== EXERCISE PROMPT ==
Wherever the string "Autodesk" shows up in the data below, copy the whole line.

Dataset items
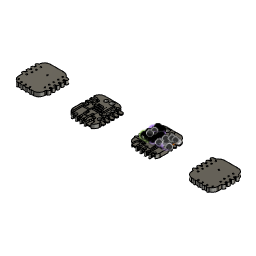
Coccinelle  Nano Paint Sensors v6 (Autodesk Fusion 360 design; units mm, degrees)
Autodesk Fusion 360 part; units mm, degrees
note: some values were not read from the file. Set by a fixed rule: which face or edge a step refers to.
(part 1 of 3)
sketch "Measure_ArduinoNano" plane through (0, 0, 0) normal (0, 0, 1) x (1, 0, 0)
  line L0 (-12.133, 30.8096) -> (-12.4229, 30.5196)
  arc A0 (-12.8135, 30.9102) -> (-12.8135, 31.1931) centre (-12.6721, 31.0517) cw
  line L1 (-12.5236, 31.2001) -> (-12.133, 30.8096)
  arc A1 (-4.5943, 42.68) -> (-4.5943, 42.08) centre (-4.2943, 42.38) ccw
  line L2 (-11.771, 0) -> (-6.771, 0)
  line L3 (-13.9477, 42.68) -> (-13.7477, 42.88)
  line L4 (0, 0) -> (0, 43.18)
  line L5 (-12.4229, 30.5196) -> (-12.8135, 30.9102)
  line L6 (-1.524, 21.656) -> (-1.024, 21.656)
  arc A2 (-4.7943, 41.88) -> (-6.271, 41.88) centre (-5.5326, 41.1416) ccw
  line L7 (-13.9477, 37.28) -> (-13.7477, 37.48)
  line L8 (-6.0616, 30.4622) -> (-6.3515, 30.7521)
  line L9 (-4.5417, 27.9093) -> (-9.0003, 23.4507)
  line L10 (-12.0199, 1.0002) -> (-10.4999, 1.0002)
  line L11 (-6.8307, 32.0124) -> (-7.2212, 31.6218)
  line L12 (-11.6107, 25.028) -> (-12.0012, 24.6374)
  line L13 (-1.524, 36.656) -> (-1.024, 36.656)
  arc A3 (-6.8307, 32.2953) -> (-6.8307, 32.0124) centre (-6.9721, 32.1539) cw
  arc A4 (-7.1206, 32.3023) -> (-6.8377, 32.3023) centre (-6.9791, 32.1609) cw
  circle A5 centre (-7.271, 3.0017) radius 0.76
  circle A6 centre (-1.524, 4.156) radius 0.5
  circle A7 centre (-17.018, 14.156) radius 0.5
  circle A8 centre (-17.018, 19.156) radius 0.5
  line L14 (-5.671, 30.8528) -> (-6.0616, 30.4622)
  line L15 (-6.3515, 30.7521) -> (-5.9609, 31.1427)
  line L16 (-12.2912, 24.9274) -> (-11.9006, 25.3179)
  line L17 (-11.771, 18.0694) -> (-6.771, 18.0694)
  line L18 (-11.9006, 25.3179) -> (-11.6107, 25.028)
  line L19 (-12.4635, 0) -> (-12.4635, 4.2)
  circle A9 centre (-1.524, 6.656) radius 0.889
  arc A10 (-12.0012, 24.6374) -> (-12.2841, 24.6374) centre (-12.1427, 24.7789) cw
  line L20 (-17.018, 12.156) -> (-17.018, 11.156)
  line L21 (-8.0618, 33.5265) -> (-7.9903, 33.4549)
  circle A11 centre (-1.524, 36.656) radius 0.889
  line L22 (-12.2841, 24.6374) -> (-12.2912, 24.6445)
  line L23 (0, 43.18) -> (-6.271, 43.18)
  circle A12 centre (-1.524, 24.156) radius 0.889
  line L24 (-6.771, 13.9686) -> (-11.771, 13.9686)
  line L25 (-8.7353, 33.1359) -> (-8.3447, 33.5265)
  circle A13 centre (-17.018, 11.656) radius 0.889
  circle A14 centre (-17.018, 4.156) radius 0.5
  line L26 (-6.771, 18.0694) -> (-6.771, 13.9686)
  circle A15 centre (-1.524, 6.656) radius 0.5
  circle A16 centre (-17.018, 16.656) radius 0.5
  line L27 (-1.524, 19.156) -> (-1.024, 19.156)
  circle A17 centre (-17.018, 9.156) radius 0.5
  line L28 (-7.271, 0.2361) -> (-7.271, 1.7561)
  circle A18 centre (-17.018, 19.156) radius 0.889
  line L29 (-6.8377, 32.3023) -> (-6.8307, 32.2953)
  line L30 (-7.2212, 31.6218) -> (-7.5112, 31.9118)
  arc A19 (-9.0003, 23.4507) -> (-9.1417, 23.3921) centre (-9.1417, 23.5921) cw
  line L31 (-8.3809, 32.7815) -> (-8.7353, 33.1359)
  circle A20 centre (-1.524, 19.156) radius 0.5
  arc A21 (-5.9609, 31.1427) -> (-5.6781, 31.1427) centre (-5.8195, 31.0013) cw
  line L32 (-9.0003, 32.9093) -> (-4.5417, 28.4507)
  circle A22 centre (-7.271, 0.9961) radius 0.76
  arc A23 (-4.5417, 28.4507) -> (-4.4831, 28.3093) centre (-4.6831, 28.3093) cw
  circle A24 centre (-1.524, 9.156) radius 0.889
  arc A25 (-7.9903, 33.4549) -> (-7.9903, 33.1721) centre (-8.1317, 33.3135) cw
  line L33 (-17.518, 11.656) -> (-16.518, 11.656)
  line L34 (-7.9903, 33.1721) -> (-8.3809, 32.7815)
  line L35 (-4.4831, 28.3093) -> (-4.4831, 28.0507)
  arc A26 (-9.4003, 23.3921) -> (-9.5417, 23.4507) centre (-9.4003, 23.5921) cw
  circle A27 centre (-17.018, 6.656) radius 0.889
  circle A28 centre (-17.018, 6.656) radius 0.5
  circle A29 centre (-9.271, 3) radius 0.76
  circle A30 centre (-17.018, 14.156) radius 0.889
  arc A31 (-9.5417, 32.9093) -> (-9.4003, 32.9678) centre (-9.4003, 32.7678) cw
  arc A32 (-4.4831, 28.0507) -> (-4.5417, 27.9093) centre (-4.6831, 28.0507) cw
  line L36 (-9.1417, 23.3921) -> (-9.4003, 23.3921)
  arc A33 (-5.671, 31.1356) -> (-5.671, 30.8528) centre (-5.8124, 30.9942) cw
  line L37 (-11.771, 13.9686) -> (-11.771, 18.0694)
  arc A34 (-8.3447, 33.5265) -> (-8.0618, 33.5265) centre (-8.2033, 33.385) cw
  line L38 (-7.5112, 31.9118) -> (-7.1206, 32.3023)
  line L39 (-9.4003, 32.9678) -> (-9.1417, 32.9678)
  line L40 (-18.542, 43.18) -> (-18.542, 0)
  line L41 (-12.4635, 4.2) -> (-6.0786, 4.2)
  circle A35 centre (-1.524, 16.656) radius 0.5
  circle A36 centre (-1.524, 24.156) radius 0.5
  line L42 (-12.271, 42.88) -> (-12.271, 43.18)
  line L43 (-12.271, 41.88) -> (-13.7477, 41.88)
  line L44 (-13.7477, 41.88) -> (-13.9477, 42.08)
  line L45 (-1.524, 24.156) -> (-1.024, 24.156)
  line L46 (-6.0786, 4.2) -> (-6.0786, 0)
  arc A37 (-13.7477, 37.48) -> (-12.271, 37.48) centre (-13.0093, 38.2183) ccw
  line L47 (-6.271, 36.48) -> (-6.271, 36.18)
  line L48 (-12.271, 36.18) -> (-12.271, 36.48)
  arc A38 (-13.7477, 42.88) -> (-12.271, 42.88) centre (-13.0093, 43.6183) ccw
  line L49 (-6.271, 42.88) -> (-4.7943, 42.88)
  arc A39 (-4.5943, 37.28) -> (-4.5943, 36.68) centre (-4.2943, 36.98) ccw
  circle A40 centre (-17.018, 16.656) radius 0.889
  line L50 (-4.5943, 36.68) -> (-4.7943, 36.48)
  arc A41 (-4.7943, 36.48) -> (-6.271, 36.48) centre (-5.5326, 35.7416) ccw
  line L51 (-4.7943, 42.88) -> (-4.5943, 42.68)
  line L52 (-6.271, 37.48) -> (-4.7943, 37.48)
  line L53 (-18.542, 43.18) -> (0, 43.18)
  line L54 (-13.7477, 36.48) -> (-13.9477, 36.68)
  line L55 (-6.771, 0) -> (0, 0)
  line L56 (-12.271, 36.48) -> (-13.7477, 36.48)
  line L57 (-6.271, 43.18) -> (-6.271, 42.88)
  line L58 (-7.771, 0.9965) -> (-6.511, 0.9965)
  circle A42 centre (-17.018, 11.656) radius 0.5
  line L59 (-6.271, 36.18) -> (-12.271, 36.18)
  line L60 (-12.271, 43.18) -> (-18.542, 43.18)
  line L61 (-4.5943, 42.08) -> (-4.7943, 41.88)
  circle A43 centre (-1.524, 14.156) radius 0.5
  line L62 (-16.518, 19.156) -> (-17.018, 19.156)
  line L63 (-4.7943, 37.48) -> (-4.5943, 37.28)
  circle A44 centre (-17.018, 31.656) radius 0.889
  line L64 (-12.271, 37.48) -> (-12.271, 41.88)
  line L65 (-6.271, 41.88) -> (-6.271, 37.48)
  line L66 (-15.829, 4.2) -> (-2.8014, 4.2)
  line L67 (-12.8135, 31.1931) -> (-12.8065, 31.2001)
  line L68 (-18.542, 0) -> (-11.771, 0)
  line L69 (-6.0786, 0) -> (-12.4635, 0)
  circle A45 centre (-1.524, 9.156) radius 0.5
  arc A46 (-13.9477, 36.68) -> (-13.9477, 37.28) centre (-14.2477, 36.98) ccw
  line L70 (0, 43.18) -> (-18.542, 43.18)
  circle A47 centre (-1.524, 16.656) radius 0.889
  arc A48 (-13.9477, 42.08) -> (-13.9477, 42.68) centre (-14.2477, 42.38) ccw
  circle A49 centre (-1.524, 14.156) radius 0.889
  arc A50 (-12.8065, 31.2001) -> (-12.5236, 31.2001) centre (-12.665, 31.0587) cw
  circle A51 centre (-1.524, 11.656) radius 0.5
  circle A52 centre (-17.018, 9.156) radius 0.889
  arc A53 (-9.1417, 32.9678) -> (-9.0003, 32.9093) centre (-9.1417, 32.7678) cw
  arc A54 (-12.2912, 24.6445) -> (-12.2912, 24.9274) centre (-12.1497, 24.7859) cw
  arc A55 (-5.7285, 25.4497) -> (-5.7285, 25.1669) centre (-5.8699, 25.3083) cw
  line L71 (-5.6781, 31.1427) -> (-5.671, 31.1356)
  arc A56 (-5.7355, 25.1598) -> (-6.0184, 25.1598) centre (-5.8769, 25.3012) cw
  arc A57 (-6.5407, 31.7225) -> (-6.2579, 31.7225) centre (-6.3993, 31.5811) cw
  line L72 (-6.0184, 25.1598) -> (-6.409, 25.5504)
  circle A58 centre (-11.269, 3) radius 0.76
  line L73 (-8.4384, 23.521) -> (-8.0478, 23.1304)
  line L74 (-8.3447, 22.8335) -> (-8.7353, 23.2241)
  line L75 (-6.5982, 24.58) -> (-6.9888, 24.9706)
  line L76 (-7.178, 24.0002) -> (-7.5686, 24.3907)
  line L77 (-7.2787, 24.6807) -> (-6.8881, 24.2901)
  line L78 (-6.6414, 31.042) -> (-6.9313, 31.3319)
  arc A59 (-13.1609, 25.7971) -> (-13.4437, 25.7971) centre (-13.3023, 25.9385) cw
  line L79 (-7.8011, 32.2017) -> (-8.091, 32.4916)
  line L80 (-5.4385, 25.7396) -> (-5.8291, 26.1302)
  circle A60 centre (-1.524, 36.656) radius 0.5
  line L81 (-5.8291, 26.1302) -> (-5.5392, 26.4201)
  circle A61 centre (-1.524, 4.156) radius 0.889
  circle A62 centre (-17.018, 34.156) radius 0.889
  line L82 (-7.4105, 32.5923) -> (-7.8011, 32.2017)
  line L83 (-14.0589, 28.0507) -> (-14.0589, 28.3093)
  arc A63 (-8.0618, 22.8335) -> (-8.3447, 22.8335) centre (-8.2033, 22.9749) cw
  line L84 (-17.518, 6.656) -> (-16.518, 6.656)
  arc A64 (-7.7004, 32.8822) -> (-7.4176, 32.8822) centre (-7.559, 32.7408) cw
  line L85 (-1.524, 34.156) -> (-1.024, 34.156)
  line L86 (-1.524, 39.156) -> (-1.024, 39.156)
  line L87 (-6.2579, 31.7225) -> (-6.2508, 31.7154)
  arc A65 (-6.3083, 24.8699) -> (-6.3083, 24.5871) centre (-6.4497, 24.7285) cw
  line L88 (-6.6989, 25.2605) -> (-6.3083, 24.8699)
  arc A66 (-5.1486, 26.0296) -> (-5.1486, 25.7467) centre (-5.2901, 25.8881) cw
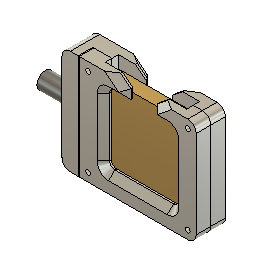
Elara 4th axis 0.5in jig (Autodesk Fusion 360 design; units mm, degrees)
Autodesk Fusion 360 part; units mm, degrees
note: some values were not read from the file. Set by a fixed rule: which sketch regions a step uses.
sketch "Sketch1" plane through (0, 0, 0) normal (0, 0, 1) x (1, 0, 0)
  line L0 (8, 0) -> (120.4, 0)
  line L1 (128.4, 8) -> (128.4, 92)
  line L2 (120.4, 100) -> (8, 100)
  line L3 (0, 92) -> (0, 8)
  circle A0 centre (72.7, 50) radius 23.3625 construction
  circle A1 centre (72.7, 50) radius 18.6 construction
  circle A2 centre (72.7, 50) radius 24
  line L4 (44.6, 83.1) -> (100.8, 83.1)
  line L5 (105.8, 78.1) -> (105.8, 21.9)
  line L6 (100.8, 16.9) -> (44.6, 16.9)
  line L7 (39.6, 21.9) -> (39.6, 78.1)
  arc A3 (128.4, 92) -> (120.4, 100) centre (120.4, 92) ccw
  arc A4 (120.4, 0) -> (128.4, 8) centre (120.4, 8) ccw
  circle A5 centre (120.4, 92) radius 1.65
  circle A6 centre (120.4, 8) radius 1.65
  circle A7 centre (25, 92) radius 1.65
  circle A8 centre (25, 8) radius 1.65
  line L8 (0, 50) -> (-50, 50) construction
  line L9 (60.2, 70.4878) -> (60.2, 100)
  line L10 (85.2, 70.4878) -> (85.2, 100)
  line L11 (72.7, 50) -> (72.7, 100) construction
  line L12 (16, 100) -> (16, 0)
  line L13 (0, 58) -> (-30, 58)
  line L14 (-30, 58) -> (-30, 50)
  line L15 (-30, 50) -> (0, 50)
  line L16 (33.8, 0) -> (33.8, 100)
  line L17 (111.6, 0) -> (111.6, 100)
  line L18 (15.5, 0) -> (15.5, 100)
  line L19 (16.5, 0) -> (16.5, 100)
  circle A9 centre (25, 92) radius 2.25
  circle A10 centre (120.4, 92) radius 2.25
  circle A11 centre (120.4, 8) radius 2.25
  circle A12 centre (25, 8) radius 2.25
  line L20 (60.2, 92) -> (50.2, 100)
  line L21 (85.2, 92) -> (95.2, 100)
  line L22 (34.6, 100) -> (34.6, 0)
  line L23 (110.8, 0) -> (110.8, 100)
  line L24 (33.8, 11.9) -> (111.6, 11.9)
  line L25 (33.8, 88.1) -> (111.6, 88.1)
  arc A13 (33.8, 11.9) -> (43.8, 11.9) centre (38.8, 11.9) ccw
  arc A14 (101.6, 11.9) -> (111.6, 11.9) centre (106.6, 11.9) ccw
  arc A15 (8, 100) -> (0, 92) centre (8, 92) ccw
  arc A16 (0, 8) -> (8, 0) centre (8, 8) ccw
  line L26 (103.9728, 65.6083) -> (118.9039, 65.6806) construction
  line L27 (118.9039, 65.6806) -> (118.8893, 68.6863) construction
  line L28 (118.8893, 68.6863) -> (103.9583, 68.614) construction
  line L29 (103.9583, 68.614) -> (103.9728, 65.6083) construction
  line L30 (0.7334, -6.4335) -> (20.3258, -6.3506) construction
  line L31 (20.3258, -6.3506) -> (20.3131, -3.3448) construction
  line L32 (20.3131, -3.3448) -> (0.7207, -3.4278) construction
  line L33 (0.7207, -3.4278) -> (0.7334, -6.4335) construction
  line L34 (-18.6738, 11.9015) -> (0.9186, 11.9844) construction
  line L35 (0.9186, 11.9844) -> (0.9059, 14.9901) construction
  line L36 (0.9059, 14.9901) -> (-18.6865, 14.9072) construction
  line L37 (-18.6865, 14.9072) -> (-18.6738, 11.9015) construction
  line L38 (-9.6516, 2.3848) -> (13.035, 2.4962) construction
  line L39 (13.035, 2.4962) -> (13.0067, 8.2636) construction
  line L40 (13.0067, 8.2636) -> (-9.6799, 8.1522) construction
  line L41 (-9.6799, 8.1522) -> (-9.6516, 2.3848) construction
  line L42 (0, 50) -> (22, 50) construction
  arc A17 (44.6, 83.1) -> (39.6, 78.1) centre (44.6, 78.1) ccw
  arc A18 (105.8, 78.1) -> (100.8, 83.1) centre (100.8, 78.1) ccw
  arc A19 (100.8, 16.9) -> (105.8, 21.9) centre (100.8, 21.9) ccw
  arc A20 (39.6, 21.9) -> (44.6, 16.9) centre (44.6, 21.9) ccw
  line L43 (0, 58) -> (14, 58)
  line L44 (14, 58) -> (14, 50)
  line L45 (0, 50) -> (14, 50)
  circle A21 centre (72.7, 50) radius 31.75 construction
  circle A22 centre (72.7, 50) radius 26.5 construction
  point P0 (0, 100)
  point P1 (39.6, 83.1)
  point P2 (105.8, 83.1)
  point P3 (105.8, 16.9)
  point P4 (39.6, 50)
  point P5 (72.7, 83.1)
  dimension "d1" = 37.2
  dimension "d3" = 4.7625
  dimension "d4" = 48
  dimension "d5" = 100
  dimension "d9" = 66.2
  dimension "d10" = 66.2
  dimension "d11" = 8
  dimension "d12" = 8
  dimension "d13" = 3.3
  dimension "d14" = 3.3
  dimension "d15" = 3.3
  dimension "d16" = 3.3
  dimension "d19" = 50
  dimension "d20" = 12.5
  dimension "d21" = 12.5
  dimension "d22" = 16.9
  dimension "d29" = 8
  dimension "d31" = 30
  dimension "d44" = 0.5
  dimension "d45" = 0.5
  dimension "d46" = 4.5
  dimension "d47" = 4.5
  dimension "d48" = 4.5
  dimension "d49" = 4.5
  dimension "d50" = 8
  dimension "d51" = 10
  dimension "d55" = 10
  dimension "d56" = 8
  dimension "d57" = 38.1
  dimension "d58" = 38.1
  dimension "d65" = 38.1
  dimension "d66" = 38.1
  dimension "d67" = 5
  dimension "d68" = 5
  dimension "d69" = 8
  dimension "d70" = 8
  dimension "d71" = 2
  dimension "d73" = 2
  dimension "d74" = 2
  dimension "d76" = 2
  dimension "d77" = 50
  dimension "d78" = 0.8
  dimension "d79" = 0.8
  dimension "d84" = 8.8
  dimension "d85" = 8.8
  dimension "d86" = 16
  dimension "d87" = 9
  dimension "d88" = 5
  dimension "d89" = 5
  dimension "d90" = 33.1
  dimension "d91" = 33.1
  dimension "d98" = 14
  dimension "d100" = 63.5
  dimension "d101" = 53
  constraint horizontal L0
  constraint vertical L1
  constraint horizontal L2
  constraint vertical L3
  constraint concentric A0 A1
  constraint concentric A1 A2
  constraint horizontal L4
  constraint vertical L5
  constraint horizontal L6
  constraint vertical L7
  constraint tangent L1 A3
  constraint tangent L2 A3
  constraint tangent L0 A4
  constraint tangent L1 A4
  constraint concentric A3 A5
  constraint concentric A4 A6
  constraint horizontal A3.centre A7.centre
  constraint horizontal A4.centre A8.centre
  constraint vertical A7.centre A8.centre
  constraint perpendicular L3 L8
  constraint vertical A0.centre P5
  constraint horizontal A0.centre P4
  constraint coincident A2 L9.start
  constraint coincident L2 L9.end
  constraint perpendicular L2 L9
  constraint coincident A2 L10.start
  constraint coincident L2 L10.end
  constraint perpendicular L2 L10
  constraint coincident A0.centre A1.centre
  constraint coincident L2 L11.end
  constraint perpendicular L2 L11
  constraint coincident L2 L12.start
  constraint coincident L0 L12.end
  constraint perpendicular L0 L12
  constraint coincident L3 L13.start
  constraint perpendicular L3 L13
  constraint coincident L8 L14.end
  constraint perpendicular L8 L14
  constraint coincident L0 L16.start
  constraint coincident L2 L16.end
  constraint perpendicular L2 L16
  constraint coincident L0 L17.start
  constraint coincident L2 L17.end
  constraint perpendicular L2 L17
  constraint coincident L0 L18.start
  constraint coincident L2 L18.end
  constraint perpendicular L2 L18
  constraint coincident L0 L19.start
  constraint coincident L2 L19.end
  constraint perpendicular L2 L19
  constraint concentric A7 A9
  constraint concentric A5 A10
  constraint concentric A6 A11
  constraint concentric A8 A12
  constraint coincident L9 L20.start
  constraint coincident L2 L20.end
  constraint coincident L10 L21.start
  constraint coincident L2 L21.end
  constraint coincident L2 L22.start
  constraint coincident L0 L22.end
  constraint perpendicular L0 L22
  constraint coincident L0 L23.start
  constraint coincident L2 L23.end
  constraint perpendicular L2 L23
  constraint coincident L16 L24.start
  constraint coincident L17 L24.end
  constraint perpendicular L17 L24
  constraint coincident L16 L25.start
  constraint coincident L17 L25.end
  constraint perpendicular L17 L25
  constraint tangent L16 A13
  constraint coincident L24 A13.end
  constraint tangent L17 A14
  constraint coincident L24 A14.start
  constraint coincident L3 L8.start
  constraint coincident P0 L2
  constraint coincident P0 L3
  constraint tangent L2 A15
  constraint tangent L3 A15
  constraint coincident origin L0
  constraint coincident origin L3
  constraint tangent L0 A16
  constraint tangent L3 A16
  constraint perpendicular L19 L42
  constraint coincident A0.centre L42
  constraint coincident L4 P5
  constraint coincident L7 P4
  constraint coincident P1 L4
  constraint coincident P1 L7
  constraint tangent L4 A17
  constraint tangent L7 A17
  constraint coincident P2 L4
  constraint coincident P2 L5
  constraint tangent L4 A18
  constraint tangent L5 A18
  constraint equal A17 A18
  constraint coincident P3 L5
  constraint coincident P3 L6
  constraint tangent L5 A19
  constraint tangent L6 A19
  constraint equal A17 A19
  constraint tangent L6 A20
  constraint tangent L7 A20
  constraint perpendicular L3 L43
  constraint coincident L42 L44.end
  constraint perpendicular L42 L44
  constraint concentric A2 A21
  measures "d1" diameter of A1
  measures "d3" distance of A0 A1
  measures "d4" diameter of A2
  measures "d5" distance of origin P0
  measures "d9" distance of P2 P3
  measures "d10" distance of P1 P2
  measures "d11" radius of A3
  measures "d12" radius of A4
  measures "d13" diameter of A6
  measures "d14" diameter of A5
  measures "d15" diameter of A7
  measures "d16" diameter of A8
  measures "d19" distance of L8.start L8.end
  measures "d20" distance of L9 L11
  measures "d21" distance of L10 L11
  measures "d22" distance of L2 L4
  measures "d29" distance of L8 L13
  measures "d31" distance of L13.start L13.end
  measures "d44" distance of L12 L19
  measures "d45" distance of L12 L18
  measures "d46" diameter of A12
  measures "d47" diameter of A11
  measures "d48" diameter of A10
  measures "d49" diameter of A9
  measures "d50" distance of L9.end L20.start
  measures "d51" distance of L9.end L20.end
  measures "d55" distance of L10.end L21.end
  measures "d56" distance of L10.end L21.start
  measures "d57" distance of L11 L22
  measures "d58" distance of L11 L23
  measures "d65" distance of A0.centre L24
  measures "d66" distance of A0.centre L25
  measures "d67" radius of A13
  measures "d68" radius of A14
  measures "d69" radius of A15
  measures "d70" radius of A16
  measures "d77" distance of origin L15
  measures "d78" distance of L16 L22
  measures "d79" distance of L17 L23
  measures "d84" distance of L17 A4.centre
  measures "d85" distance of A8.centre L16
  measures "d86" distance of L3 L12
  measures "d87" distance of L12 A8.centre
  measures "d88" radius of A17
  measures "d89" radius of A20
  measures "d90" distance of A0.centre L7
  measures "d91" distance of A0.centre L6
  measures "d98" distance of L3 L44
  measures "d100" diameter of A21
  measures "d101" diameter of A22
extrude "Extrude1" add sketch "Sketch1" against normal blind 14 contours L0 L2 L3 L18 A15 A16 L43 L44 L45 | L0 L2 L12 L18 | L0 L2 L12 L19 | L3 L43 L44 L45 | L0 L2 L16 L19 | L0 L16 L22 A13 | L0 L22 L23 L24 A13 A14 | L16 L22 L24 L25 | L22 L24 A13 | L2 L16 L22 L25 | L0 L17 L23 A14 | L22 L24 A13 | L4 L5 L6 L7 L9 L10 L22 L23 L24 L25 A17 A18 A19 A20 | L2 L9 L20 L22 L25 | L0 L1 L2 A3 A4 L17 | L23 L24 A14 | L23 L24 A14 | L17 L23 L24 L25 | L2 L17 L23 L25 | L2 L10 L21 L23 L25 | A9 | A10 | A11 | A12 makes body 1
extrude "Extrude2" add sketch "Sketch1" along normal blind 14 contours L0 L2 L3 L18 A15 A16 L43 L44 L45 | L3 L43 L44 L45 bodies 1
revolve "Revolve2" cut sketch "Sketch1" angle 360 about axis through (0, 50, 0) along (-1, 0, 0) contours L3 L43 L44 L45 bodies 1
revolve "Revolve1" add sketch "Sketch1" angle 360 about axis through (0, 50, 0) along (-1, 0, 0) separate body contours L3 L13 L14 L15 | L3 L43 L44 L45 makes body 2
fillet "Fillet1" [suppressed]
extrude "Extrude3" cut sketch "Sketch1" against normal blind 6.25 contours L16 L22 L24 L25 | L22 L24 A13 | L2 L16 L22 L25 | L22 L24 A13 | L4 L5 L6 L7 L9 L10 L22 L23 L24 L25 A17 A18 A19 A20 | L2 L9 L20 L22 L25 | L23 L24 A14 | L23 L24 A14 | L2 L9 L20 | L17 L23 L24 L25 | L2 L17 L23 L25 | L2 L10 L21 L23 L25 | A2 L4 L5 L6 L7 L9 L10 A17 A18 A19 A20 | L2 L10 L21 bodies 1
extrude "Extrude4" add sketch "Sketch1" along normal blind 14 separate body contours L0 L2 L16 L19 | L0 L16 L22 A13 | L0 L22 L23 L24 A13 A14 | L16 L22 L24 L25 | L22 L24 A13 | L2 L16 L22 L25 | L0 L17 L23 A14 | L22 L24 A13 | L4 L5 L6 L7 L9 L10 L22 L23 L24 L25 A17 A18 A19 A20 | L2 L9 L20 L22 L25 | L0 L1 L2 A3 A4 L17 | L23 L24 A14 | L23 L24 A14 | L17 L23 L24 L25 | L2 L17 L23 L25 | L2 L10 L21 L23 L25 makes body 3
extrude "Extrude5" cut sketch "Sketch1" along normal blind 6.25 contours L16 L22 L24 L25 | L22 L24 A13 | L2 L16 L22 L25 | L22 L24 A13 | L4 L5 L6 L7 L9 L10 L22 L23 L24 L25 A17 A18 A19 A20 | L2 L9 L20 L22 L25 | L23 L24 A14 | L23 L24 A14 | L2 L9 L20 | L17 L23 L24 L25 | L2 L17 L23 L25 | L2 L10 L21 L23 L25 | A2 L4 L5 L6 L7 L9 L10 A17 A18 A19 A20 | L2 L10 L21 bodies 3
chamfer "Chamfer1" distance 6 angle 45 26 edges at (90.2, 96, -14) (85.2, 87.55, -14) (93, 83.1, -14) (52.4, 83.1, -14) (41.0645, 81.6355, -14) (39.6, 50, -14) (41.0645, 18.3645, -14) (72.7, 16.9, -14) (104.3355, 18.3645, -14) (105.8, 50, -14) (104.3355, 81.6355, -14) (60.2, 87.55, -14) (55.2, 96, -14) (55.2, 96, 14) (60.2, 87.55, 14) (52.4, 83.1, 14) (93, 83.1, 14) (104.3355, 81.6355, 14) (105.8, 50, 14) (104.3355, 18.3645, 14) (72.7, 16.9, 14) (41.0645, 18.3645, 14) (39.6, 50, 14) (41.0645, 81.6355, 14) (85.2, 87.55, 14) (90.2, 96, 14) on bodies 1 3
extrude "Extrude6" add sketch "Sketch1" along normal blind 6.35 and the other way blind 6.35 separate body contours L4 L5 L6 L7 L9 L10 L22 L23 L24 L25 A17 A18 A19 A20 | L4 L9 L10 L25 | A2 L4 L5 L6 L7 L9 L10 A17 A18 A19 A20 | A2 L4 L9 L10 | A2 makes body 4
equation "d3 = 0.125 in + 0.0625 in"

== OUTPUT OF THE TASK ==
Coccinelle  Nano Paint Sensors v6 (Autodesk Fusion 360 design; units mm, degrees)
Autodesk Fusion 360 part; units mm, degrees
Elara 4th axis 0.5in jig (Autodesk Fusion 360 design; units mm, degrees)
Autodesk Fusion 360 part; units mm, degrees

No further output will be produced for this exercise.